Data extract Start Marker

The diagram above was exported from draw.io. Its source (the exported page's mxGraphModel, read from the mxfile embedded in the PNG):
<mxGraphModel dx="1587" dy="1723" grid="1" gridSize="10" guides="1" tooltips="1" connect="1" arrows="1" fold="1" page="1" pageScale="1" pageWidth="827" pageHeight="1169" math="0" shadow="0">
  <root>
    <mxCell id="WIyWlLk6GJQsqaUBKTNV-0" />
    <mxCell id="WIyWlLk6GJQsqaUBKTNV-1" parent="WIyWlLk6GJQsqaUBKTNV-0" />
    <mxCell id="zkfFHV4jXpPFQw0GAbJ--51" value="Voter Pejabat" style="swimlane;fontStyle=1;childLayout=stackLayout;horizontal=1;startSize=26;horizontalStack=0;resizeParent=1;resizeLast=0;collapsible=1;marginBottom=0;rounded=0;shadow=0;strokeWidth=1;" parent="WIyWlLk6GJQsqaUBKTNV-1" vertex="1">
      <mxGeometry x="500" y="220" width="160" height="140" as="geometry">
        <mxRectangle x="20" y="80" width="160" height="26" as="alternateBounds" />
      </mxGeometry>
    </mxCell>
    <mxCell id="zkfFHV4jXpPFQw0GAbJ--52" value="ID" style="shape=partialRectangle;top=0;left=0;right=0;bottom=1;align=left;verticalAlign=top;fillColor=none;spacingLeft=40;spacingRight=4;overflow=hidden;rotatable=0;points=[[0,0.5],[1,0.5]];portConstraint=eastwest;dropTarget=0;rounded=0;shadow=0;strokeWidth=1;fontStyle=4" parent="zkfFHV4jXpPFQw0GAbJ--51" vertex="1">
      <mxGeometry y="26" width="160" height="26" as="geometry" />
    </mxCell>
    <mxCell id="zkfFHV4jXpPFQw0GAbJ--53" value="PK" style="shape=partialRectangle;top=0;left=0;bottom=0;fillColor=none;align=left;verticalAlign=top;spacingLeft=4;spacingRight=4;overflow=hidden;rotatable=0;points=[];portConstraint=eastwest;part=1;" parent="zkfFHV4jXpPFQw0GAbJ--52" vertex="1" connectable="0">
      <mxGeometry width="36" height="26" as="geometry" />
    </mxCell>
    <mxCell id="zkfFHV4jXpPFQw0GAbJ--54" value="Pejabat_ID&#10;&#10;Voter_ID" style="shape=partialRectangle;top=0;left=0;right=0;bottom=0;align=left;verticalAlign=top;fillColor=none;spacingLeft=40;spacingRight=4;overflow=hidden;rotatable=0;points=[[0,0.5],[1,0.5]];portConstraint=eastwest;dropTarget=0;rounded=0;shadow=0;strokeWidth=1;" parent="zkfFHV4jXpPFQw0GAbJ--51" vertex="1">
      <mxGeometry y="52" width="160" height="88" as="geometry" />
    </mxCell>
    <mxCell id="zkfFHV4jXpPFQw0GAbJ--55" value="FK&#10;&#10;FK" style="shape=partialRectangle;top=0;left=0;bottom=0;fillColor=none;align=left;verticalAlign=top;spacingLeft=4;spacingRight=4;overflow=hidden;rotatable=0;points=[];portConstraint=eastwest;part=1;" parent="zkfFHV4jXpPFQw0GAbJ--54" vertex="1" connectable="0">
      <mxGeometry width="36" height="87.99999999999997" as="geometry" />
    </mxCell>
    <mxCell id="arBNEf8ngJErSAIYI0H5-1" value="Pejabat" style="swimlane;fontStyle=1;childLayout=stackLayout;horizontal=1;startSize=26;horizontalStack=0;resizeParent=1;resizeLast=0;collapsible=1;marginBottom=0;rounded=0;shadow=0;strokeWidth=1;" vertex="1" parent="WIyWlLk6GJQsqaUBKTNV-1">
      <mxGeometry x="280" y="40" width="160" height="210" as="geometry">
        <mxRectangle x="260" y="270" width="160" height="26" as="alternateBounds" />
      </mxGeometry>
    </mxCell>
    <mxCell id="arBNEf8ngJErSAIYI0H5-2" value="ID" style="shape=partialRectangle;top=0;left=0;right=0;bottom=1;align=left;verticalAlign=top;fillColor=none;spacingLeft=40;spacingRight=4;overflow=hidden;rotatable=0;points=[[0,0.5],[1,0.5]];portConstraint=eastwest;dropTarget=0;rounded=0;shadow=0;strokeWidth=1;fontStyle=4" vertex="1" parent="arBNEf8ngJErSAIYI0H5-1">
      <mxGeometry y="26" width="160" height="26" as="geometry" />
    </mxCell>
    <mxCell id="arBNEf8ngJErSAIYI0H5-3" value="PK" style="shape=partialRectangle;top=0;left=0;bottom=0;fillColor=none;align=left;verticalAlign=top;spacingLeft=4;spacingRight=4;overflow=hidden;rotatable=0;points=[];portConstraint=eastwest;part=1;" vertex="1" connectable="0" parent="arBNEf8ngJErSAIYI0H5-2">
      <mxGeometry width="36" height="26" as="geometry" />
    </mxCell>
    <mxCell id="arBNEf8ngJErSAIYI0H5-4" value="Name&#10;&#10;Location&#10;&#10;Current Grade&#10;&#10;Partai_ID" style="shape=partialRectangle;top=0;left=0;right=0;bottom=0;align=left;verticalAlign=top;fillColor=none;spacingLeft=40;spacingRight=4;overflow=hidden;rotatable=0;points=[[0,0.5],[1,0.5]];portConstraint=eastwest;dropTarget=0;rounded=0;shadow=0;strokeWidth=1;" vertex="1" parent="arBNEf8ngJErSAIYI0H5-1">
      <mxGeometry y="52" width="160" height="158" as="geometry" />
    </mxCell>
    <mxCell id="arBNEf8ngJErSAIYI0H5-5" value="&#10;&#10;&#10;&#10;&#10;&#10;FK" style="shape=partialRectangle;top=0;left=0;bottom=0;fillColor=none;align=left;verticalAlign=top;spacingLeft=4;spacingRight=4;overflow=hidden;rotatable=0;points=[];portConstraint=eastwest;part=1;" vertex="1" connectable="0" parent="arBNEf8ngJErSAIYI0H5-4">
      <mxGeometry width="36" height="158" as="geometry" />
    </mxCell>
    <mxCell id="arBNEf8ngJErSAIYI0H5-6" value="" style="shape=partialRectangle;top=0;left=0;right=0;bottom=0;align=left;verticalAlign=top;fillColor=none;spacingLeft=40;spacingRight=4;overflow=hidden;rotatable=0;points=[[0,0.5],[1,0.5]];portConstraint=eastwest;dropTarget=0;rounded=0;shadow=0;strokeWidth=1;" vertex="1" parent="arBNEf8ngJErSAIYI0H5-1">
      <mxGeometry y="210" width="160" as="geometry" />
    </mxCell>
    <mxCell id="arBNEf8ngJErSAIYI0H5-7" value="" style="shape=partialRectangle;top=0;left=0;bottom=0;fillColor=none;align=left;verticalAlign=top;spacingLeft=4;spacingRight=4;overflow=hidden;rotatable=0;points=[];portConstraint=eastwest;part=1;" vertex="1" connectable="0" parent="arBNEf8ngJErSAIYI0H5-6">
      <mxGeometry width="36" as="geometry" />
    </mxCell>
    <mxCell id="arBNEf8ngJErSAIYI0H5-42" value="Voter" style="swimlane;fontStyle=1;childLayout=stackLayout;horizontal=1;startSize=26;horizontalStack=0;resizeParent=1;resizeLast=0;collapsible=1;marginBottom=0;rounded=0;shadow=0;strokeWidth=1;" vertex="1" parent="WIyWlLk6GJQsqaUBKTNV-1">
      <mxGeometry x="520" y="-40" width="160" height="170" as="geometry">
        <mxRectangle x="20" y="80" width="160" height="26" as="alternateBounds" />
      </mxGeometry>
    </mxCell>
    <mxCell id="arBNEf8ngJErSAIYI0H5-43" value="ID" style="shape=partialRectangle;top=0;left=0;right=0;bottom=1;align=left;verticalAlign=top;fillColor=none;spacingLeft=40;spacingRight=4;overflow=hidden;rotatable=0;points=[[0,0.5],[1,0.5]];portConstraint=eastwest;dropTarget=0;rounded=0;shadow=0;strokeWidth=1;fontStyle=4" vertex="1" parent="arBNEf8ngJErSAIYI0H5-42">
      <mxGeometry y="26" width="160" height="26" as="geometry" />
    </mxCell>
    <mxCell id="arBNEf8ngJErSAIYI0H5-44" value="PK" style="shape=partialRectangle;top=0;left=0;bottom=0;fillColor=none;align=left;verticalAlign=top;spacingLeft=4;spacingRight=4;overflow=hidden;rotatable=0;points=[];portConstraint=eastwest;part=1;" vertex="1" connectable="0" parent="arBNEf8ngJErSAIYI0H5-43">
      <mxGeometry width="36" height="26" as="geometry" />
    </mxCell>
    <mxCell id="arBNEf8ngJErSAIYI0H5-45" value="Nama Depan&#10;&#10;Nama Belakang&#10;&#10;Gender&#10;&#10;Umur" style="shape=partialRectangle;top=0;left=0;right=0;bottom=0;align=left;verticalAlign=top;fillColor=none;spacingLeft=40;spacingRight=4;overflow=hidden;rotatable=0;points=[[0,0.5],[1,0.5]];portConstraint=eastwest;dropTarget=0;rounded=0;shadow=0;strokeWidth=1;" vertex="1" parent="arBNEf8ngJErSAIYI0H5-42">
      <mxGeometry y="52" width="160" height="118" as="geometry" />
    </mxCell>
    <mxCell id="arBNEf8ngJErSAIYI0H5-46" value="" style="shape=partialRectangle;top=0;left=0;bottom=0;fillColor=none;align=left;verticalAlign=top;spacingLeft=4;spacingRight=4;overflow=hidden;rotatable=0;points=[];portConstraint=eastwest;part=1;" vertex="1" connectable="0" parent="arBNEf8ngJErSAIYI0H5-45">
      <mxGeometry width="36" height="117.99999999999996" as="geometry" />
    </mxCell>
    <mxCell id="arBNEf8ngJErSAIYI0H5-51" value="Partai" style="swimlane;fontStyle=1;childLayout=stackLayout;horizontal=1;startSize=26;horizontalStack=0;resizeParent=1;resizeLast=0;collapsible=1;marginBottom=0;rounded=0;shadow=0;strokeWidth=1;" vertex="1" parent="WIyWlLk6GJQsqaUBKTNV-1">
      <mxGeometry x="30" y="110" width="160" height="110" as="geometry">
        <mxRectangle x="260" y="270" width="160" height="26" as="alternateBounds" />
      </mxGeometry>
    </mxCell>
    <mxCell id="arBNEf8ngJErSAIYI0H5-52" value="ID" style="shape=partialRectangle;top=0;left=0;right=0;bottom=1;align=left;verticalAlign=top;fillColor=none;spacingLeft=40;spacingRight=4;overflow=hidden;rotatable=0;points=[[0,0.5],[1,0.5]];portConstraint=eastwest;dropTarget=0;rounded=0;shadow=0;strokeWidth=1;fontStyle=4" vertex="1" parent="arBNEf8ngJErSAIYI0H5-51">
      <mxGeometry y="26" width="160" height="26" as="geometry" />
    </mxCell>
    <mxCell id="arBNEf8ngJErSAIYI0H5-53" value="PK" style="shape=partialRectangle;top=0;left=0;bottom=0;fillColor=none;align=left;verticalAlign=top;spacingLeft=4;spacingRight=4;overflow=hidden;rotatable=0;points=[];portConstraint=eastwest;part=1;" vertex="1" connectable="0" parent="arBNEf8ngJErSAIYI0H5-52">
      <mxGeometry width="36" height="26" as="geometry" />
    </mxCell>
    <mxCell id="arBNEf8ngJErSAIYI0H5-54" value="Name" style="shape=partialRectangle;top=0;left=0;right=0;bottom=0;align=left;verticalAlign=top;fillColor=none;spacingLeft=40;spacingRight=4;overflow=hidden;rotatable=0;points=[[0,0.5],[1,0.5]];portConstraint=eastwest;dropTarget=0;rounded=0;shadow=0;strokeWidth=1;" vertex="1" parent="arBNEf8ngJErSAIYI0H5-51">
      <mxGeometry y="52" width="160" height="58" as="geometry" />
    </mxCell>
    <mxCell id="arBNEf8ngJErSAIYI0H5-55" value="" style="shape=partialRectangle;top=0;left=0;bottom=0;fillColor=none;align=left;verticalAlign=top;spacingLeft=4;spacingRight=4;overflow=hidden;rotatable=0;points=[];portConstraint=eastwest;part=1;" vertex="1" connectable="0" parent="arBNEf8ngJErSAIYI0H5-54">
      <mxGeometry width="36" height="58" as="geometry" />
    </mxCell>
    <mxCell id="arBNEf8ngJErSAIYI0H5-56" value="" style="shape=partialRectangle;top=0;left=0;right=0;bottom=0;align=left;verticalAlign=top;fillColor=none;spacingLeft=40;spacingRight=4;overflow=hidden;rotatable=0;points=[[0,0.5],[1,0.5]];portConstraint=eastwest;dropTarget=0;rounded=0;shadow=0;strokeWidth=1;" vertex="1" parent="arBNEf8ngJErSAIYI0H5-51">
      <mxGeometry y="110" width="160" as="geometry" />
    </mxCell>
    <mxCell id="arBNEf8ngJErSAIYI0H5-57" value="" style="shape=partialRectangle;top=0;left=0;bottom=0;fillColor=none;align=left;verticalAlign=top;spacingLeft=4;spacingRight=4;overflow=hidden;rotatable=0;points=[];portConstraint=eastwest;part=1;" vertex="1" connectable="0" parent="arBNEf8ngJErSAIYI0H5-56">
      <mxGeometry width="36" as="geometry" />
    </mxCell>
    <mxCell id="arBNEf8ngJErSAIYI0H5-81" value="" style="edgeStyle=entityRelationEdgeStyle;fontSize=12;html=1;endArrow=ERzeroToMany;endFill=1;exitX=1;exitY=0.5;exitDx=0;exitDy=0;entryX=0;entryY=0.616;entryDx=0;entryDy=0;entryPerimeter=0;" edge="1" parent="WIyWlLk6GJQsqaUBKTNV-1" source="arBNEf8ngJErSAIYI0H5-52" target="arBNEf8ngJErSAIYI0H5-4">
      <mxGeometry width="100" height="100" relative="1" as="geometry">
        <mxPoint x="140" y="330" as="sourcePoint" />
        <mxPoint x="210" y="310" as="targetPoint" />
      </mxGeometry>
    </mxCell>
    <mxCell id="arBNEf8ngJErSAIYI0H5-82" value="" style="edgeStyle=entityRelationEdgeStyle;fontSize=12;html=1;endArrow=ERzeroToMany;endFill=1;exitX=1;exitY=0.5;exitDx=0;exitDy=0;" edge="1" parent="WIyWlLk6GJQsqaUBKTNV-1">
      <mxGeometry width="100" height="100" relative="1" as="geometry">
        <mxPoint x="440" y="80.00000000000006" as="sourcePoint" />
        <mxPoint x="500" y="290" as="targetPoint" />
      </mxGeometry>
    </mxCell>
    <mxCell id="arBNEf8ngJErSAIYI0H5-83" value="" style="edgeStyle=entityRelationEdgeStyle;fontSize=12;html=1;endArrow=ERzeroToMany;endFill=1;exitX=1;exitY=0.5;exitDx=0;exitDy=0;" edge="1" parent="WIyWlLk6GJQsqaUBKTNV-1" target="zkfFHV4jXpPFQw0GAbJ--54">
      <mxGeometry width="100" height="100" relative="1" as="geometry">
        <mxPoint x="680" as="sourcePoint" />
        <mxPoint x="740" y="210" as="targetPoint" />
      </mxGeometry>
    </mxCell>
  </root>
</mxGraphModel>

Data extract End Marker

● Exercise description
Using only the data above, copy out the lines that include the word "sourcePoint".

● Problem solution
        <mxPoint x="140" y="330" as="sourcePoint" />
        <mxPoint x="440" y="80.00000000000006" as="sourcePoint" />
        <mxPoint x="680" as="sourcePoint" />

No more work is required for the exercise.